1.   De gemeenschappelijke kosten van de militaire operatie van de Europese Unie worden beheerd door Athena.

2.   Ten behoeve van deze militaire operatie van de Europese Unie:

kunnen de kosten voor accommodatie/huisvesting voor de troepen in hun geheel niet als gemeenschappelijke kosten gefinancierd worden,

kunnen de transportkosten voor de troepen in hun geheel niet als gemeenschappelijke kosten gefinancierd worden.

3.   Het financiële referentiebedrag voor de gemeenschappelijke kosten van de militaire operatie van de Europese Unie bedraagt 16 700 000 EUR voor een periode van vier maanden. Het in artikel 31, lid 3, van Besluit 2004/197/GBVB bedoelde percentage van het referentiebedrag bedraagt 70.

Artikel 14

Vrijgave van gegevens aan de Verenigde Naties, de MONUC en andere derde partijen

1.   De SG/HV is gemachtigd gerubriceerde gegevens en documenten van de Europese Unie die ten behoeve van de militaire operatie van de Europee Unie zijn opgesteld, overeenkomstig de beveiligingsvoorschriften van de Raad vrij te geven aan de Verenigde Naties, aan de MONUC en aan derden die bij dit gemeenschappelijk optreden betrokken zijn, met inachtneming van de respectieve rubriceringsniveaus.

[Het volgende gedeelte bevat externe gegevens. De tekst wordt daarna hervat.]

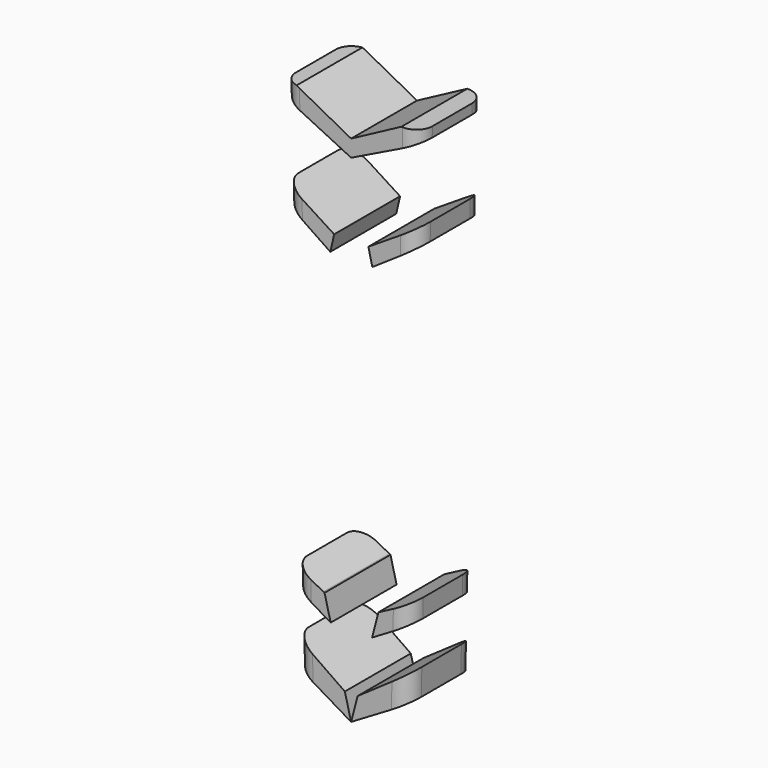
from build123d import *

# Parameters (mm, degrees)
F1_DEPTH = 6.35
F2_DEPTH = 6.35
F4_DEPTH = 25.4
F5_R     = 2.54


with BuildPart() as f1:
    # F0 (on Front) → F1 (new body)
    with BuildSketch(Plane.XZ):
        Polygon((10.5009634349, -8.6313571018), (0, -8.4001217037), (-10.5245159939, -8.168367669), (-8.3013391122, -91.856867075), (8.6683045514, -91.856867075), align=None)
    extrude(amount=F1_DEPTH)

    # F2 (add): a face of the model
    f2_faces = [f1.faces().sort_by_distance(p)[0] for p in [
        (0.0745348421, 0, -48.6438367355),
    ]]
    extrude(f2_faces, amount=F2_DEPTH)

    # F3 (on face) → F4 (cut)
    with BuildSketch(Plane.XZ.offset(6.35)):
        Polygon((-8.4089043082, -8.2149542811), (0, -12.6956291497), (7.741477061, -8.5705921125), align=None)
        Polygon((0, -15.2933746576), (-10.4707083295, -10.1938847244), (-10.1647846318, -21.7099702861), (-2.6734457948, -26.4930181658), (-2.660532576, -26.5012629595), (-2.6115273083, -26.532551698), align=None)
        Polygon((10.2136542458, -21.6787681594), (10.4665109394, -10.1959289555), (0, -15.2933746576), (2.660532576, -26.5012629595), align=None)
        Polygon((2.660532576, -26.5012629595), (0, -15.2933746576), (-2.6115273083, -26.532551698), (-3.2102312503, -29.1091816943), (-9.2748739024, -55.2094611118), (-4.0967862529, -75.6694136894), (-3.1505538377, -79.4082206875), (-0.965611629, -88.0414878319), (0, -91.856867075), (0.9910429813, -88.023830283), (3.2309755221, -79.3604887305), (4.199302435, -75.6153104147), (9.4752950296, -55.2094611118), (3.2699760565, -29.068634063), align=None)
        Polygon((-3.4606218927, -28.9392464633), (-10.0923027152, -24.4384544155), (-9.2748739024, -55.2094611118), (-3.2102312503, -29.1091816943), (-3.2699760565, -29.068634063), align=None)
        Polygon((9.4752950296, -55.2094611118), (10.15380398, -24.3967147102), (3.2699760565, -29.068634063), align=None)
        Polygon((-4.0967862529, -75.6694136894), (-9.2748739024, -55.2094611118), (-8.7972565245, -73.1887240187), (-4.2695118804, -75.5782571337), (-4.199302435, -75.6153104147), align=None)
        Polygon((9.0827017549, -73.0380792973), (9.4752950296, -55.2094611118), (4.199302435, -75.6153104147), align=None)
        Polygon((-0.965611629, -88.0414878319), (-3.1505538377, -79.4082206875), (-3.2309755221, -79.3604887305), (-3.3105833326, -79.3132398248), (-8.7198462703, -76.1027287805), (-8.5424459568, -82.7807246478), (-1.0061214638, -88.0133609601), (-0.9910429813, -88.023830283), align=None)
        Polygon((9.0191284413, -75.9250985328), (3.2309755221, -79.3604887305), (0.9910429813, -88.023830283), (8.8732221424, -82.5510594467), align=None)
        Polygon((-8.3013391122, -91.856867075), (0, -91.856867075), (-8.434321605, -86.8509202434), align=None)
        Polygon((8.7830958233, -86.6439154273), (0, -91.856867075), (8.6683045514, -91.856867075), align=None)
    extrude(amount=-F4_DEPTH, mode=Mode.SUBTRACT)

    # F5
    f5_edges = [f1.edges().sort_by_distance(p)[0] for p in [
        (-10.497612, -6.35, -9.181126),
        (-10.128544, -6.35, -23.074212),
        (-8.758551, -6.35, -74.645726),
        (-8.488384, -6.35, -84.815822),
        (-8.758551, 6.35, -74.645726),
        (-8.488384, 6.35, -84.815822),
        (9.050915, -6.35, -74.481589),
        (8.828159, -6.35, -84.597487),
        (-10.497612, 6.35, -9.181126),
        (-10.128544, 6.35, -23.074212),
        (10.183729, -6.35, -23.037741),
        (10.483737, -6.35, -9.413643),
        (10.483737, 6.35, -9.413643),
        (10.183729, 6.35, -23.037741),
        (8.828159, 6.35, -84.597487),
        (9.050915, 6.35, -74.481589),
    ]]
    fillet(f5_edges, radius=F5_R)


solid = f1.part

2.   De SG/HV is gemachtigd niet-gerubriceerde documenten van de Europese Unie die verband houden met de beraadslagingen van de Raad betreffende de operatie en die overeenkomstig artikel 6, lid 1, van het Reglement van orde van de Raad (6) onder de geheimhoudingsplicht vallen, vrij te geven aan de Verenigde Naties, aan de MONUC en aan derden die bij dit gemeenschappelijk optreden betrokken zijn.

Artikel 15

Inwerkingtreding en opzegging

1.   Dit gemeenschappelijk optreden treedt in werking op de dag waarop het wordt vastgesteld.

2.   De militaire operatie van de Europese Unie duurt vier maanden vanaf de datum van de eerste verkiezingsronde in de DRC.

3.   Dit gemeenschappelijk optreden wordt ingetrokken nadat alle EU-troepen zijn gehergroepeerd, overeenkomstig een goedgekeurde planning voor de beëindiging van de militaire operatie van de Europese Unie.

Artikel 16

Bekendmaking

Dit gemeenschappelijk optreden wordt bekendgemaakt in het Publicatieblad van de Europese Unie.

Gedaan te Luxemburg, 27 april 2006.

Voor de Raad

De voorzitster

L. PROKOP


(1)  PB L 367 van 14.12.2004, blz. 30. Gemeenschappelijk optreden gewijzigd bij Gemeenschappelijk Optreden 2005/822/GBVB (PB L 305 van 24.11.2005, blz. 44).

(2)  PB L 112 van 3.5.2005, blz. 20. Gemeenschappelijk optreden gewijzigd bij Gemeenschappelijk Optreden 2005/868/GBVB (PB L 318 van 6.12.2005, blz. 29).

(3)  PB L 143 van 11.6.2003, blz. 50.

(4)  PB L 49 van 21.2.2006, blz. 17.

(5)  PB L 63 van 28.2.2004, blz. 68. Besluit laatstelijk gewijzigd bij Besluit 2005/68/GBVB (PB L 27 van 29.1.2005, blz. 59).

(6)  Besluit 2004/338/EG, Euratom van de Raad van 22 maart 2004 tot vaststelling van het Reglement van orde van de Raad (PB L 106 van 15.4.2004, blz. 22). Besluit laatstelijk gewijzigd bij Besluit 2006/34/EG, Euratom (PB L 22 van 26.1.2006, blz. 32).